Your task: From the listing below, copy only the lines from the line that contains "#90=DIRECTION('',(0.,1.,0.));" to the line that contains "#128=EDGE_CURVE('E217',#119,#127,#125,.T.);", counting those two lines as part of the copy.

-- Opening Marker --

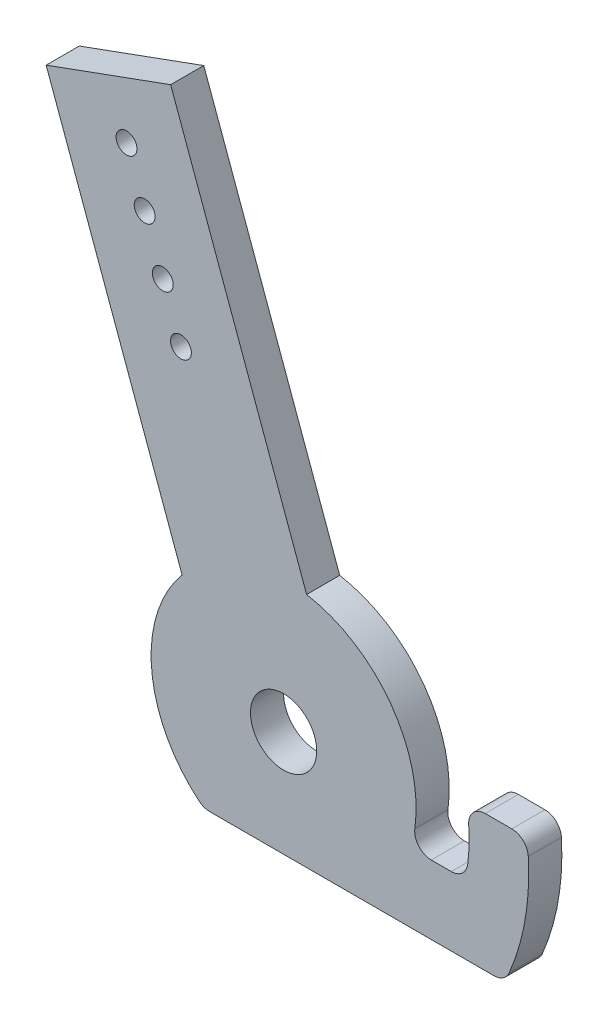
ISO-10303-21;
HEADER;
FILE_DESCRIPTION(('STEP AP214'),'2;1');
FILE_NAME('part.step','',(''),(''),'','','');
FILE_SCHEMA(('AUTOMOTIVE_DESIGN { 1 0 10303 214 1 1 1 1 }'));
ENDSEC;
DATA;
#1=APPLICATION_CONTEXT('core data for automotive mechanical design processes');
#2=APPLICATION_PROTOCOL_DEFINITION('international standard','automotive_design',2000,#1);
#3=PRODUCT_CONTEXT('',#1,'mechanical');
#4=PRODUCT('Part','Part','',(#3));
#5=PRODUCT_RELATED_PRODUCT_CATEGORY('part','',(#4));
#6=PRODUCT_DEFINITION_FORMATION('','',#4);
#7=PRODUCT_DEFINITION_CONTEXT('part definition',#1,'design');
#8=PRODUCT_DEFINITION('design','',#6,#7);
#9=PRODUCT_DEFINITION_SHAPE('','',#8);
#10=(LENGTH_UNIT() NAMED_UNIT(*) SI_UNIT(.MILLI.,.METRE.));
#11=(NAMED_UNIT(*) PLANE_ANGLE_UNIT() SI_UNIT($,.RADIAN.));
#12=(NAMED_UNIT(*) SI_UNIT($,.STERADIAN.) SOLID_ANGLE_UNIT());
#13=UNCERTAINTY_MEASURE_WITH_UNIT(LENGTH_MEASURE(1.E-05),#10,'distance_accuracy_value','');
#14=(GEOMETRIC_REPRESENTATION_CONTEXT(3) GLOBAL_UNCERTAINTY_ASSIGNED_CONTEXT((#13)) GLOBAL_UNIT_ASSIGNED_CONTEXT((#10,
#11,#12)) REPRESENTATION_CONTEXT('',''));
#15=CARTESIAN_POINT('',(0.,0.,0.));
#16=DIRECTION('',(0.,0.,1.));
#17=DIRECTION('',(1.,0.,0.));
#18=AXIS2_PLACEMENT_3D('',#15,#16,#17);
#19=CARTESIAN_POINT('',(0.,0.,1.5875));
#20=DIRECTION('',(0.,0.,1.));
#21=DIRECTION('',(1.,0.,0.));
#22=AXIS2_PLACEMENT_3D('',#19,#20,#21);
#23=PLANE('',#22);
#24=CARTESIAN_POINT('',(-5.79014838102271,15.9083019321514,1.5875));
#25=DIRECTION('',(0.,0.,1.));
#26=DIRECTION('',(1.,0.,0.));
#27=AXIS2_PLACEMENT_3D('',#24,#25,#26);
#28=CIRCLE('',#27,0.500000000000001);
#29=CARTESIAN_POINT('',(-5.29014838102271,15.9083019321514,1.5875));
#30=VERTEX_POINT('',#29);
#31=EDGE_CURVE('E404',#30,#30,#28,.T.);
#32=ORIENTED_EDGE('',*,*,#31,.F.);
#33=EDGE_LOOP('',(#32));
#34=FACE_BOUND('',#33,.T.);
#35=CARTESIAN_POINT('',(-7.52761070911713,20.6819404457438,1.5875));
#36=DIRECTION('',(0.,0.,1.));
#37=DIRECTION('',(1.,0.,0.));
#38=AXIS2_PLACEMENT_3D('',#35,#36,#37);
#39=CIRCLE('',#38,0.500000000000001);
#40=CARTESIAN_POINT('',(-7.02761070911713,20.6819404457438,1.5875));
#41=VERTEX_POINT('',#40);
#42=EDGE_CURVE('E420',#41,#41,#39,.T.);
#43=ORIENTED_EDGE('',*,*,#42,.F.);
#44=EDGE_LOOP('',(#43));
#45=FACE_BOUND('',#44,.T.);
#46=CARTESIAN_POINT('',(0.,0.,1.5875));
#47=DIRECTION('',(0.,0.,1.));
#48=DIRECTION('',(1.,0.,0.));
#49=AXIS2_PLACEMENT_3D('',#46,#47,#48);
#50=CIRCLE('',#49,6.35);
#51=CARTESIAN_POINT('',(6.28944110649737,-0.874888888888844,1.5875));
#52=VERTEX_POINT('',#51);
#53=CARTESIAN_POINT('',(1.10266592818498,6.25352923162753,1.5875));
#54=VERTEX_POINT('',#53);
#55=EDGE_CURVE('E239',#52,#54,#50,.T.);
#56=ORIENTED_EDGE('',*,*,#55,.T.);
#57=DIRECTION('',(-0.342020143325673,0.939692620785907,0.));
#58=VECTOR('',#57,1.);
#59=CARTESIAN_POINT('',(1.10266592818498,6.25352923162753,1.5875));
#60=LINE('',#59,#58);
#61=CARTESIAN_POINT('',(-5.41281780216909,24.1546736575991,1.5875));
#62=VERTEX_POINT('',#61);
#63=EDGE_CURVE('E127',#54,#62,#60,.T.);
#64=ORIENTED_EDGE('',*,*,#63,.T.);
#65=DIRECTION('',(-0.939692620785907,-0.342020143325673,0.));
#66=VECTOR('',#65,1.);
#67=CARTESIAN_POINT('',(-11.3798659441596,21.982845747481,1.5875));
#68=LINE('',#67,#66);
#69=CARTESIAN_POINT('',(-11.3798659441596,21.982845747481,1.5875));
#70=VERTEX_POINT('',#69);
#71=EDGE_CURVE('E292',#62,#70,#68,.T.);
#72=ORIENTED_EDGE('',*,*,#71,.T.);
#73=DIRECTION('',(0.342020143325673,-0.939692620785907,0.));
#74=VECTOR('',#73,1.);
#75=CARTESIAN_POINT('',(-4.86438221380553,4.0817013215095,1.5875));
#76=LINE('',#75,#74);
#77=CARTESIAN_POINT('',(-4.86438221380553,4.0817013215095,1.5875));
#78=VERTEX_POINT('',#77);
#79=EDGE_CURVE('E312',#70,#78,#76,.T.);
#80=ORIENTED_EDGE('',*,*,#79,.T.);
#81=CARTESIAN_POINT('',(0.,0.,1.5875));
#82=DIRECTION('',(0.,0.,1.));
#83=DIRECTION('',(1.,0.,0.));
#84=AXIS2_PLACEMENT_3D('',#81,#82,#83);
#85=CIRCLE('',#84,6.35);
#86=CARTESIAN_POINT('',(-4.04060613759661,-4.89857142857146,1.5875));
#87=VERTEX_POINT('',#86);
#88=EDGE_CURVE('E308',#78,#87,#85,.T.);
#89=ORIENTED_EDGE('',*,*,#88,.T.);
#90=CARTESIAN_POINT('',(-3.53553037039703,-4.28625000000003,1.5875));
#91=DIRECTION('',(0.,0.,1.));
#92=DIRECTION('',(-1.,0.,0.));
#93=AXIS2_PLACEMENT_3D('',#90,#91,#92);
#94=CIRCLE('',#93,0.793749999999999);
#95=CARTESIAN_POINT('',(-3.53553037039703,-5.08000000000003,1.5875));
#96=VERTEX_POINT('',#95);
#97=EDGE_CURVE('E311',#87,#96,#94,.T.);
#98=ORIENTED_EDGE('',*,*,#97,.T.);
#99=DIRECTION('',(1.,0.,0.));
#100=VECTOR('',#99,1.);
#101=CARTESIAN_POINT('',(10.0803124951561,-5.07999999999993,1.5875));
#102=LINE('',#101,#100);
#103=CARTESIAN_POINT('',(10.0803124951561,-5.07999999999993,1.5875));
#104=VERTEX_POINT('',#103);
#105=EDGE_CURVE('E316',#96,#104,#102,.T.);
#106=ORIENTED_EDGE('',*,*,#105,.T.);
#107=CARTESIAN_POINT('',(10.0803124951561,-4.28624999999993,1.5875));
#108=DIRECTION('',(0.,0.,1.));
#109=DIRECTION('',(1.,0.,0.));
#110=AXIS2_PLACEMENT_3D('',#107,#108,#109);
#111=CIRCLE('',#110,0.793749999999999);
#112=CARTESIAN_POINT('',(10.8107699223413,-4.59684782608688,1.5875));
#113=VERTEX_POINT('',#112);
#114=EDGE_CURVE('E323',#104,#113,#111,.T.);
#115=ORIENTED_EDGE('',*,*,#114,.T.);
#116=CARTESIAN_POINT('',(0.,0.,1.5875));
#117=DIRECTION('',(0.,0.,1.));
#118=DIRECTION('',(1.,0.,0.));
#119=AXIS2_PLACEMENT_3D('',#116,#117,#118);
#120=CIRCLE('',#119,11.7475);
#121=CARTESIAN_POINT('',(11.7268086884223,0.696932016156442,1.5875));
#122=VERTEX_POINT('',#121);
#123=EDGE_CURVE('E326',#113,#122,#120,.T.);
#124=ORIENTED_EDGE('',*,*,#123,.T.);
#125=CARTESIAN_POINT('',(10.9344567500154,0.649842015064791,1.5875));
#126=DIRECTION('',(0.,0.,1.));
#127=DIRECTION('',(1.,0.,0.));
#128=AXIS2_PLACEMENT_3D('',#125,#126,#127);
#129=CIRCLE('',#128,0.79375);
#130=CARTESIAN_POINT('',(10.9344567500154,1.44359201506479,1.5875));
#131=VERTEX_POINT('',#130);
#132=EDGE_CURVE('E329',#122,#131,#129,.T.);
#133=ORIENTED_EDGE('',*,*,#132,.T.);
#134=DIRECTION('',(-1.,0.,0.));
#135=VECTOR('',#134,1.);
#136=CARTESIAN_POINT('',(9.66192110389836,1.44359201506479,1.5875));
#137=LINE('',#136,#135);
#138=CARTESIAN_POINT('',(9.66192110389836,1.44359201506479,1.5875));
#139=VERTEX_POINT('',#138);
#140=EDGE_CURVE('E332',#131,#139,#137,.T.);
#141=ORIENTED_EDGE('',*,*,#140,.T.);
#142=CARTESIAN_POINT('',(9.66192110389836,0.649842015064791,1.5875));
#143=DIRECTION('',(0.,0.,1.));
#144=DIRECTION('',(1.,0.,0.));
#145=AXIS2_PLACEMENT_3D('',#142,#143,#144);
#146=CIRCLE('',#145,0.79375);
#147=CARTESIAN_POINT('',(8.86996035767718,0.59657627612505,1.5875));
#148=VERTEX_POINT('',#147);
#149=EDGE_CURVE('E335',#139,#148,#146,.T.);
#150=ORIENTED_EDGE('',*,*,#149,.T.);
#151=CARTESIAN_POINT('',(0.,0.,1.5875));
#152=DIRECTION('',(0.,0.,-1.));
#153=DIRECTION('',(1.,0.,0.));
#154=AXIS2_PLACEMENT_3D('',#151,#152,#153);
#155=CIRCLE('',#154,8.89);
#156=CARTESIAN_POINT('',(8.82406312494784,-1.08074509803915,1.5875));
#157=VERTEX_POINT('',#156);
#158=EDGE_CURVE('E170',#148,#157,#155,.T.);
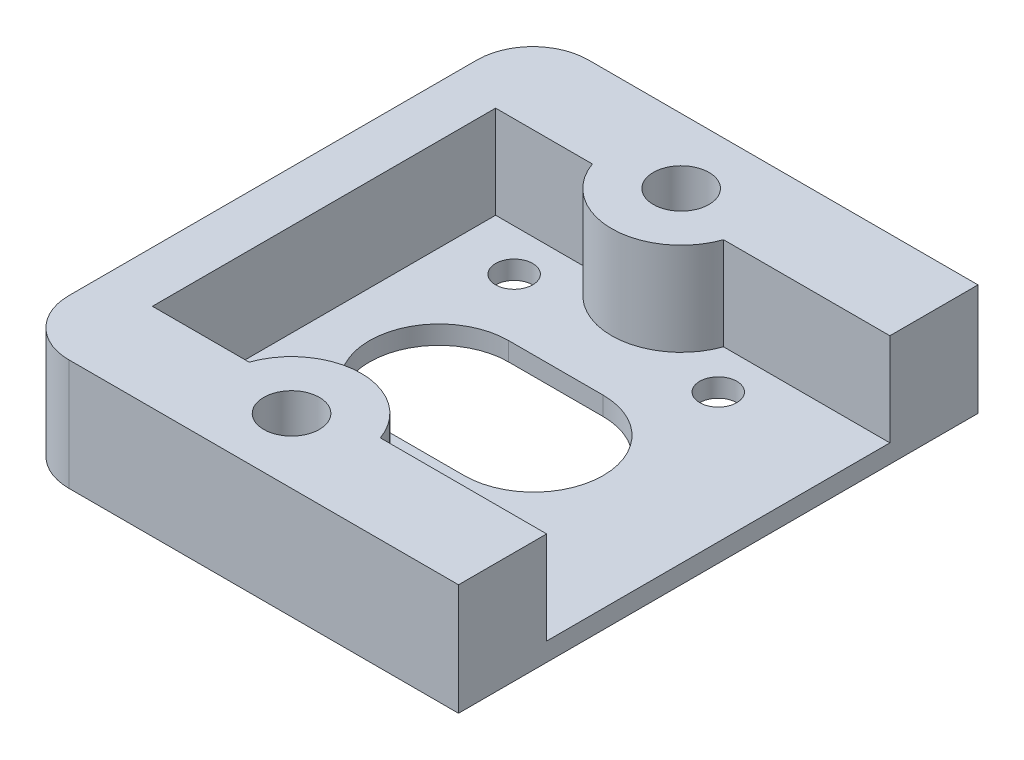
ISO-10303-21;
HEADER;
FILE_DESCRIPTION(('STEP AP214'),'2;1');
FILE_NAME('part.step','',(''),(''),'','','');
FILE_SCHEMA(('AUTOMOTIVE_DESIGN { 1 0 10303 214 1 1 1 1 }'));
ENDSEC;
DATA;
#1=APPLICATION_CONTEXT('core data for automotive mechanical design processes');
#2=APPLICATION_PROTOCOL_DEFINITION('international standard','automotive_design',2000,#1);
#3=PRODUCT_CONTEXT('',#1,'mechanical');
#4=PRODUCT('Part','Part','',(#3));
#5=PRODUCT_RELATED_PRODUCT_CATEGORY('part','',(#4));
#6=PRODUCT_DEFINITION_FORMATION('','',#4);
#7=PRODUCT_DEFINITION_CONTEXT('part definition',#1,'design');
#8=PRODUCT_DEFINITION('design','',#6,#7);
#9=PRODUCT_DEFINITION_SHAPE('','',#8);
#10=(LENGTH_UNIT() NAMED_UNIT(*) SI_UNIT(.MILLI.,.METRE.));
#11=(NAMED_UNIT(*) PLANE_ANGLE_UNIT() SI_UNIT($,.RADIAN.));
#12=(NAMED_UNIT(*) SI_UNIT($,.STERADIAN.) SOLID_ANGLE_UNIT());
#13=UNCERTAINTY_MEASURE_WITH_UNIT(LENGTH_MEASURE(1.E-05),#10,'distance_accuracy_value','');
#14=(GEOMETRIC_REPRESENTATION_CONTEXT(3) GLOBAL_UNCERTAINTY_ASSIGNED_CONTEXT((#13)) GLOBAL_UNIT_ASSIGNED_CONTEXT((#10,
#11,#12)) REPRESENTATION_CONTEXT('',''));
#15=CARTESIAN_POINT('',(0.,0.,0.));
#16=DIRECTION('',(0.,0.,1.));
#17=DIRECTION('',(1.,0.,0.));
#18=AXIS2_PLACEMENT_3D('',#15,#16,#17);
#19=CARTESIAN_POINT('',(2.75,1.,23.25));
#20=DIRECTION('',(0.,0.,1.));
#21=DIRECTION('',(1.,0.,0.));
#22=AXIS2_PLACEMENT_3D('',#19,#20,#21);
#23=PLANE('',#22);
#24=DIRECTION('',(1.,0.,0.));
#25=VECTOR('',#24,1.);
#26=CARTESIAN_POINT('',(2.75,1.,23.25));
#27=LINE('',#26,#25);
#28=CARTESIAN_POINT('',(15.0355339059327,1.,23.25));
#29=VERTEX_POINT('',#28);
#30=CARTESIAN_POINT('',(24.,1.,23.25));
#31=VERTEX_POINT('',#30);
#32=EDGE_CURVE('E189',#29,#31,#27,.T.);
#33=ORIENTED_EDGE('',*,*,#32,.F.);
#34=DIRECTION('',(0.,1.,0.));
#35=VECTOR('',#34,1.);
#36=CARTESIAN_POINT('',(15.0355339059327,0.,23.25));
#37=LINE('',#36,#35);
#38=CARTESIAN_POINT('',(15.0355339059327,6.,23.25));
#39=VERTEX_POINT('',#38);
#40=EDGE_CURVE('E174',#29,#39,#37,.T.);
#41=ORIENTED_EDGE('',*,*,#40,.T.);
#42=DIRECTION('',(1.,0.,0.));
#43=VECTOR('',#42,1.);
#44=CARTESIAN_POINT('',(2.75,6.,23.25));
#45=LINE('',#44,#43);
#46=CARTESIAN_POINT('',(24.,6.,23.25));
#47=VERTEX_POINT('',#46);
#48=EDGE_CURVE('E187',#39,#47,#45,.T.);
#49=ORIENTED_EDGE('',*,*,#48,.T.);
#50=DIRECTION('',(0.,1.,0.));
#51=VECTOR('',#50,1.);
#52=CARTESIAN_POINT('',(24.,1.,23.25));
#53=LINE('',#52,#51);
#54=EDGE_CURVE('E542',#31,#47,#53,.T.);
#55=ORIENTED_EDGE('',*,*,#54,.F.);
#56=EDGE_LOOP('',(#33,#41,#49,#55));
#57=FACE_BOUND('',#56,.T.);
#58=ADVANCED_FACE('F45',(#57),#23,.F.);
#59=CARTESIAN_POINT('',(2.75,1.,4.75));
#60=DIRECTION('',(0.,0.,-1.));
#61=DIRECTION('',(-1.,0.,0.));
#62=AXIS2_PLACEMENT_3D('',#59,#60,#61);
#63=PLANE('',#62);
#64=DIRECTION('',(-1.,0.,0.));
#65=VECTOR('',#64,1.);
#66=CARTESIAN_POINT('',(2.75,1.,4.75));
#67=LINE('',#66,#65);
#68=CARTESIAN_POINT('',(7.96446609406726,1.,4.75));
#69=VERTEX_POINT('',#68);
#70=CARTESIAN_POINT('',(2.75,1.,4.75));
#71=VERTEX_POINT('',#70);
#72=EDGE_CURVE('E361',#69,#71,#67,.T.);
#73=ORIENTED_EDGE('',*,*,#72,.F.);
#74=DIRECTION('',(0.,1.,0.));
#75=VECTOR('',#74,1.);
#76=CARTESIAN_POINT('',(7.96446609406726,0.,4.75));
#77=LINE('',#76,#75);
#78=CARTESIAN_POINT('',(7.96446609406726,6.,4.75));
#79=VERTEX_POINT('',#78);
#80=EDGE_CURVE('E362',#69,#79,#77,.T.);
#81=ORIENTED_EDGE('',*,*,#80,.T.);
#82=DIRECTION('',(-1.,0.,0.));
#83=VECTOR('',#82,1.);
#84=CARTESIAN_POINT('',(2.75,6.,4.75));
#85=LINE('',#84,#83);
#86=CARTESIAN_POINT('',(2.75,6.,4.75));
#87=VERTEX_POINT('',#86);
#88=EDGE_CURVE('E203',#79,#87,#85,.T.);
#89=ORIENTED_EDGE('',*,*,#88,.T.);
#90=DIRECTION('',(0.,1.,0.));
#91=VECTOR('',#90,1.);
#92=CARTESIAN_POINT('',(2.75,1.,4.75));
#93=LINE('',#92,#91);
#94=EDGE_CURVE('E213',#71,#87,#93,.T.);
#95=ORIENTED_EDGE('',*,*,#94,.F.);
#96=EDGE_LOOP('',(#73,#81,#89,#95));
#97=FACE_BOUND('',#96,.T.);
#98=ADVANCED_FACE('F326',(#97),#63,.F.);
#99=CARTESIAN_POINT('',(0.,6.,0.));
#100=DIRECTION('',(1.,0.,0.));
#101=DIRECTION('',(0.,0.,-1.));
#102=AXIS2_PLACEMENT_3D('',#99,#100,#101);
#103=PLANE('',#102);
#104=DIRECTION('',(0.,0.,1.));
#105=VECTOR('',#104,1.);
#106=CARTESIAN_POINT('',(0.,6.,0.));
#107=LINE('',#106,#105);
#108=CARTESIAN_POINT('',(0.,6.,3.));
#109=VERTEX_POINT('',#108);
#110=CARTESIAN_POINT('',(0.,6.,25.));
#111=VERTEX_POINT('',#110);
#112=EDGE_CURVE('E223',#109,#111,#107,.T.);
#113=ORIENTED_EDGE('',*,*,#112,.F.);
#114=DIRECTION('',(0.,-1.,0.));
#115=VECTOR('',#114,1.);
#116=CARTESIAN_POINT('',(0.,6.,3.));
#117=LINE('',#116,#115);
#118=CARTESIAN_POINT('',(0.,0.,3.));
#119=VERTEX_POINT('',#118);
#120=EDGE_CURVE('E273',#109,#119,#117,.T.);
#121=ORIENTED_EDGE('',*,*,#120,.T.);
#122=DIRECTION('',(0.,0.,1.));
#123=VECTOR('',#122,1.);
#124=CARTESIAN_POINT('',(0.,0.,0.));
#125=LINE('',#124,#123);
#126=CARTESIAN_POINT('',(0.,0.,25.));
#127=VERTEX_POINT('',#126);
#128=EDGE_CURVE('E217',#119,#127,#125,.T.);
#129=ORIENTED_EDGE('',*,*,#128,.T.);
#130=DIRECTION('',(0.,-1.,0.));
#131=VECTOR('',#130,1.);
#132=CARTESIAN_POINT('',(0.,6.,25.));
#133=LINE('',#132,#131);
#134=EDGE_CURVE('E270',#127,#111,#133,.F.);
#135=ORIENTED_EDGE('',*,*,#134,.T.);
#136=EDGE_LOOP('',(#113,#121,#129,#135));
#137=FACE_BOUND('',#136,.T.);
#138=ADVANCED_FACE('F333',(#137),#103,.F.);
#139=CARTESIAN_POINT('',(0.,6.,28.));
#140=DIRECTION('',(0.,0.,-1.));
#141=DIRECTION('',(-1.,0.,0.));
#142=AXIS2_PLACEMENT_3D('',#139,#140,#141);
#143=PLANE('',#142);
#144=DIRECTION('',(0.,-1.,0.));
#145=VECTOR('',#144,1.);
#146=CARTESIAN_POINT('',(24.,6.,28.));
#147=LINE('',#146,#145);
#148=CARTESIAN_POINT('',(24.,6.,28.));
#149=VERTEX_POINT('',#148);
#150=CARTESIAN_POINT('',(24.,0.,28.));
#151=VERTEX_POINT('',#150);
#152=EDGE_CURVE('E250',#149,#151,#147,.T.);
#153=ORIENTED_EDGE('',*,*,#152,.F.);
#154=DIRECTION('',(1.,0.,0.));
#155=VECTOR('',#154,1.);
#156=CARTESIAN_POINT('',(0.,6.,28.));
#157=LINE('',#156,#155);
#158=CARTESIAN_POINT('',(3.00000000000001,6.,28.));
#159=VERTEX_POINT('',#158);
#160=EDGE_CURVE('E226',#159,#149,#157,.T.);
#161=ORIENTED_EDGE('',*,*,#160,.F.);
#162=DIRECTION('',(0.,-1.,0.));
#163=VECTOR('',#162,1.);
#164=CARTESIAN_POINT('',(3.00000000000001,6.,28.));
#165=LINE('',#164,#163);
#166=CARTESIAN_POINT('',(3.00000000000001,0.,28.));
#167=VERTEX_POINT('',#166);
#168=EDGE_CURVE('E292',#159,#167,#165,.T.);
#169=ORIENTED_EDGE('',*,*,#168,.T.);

-- Closing Marker --

Solved exercise:
#90=DIRECTION('',(0.,1.,0.));
#91=VECTOR('',#90,1.);
#92=CARTESIAN_POINT('',(2.75,1.,4.75));
#93=LINE('',#92,#91);
#94=EDGE_CURVE('E213',#71,#87,#93,.T.);
#95=ORIENTED_EDGE('',*,*,#94,.F.);
#96=EDGE_LOOP('',(#73,#81,#89,#95));
#97=FACE_BOUND('',#96,.T.);
#98=ADVANCED_FACE('F326',(#97),#63,.F.);
#99=CARTESIAN_POINT('',(0.,6.,0.));
#100=DIRECTION('',(1.,0.,0.));
#101=DIRECTION('',(0.,0.,-1.));
#102=AXIS2_PLACEMENT_3D('',#99,#100,#101);
#103=PLANE('',#102);
#104=DIRECTION('',(0.,0.,1.));
#105=VECTOR('',#104,1.);
#106=CARTESIAN_POINT('',(0.,6.,0.));
#107=LINE('',#106,#105);
#108=CARTESIAN_POINT('',(0.,6.,3.));
#109=VERTEX_POINT('',#108);
#110=CARTESIAN_POINT('',(0.,6.,25.));
#111=VERTEX_POINT('',#110);
#112=EDGE_CURVE('E223',#109,#111,#107,.T.);
#113=ORIENTED_EDGE('',*,*,#112,.F.);
#114=DIRECTION('',(0.,-1.,0.));
#115=VECTOR('',#114,1.);
#116=CARTESIAN_POINT('',(0.,6.,3.));
#117=LINE('',#116,#115);
#118=CARTESIAN_POINT('',(0.,0.,3.));
#119=VERTEX_POINT('',#118);
#120=EDGE_CURVE('E273',#109,#119,#117,.T.);
#121=ORIENTED_EDGE('',*,*,#120,.T.);
#122=DIRECTION('',(0.,0.,1.));
#123=VECTOR('',#122,1.);
#124=CARTESIAN_POINT('',(0.,0.,0.));
#125=LINE('',#124,#123);
#126=CARTESIAN_POINT('',(0.,0.,25.));
#127=VERTEX_POINT('',#126);
#128=EDGE_CURVE('E217',#119,#127,#125,.T.);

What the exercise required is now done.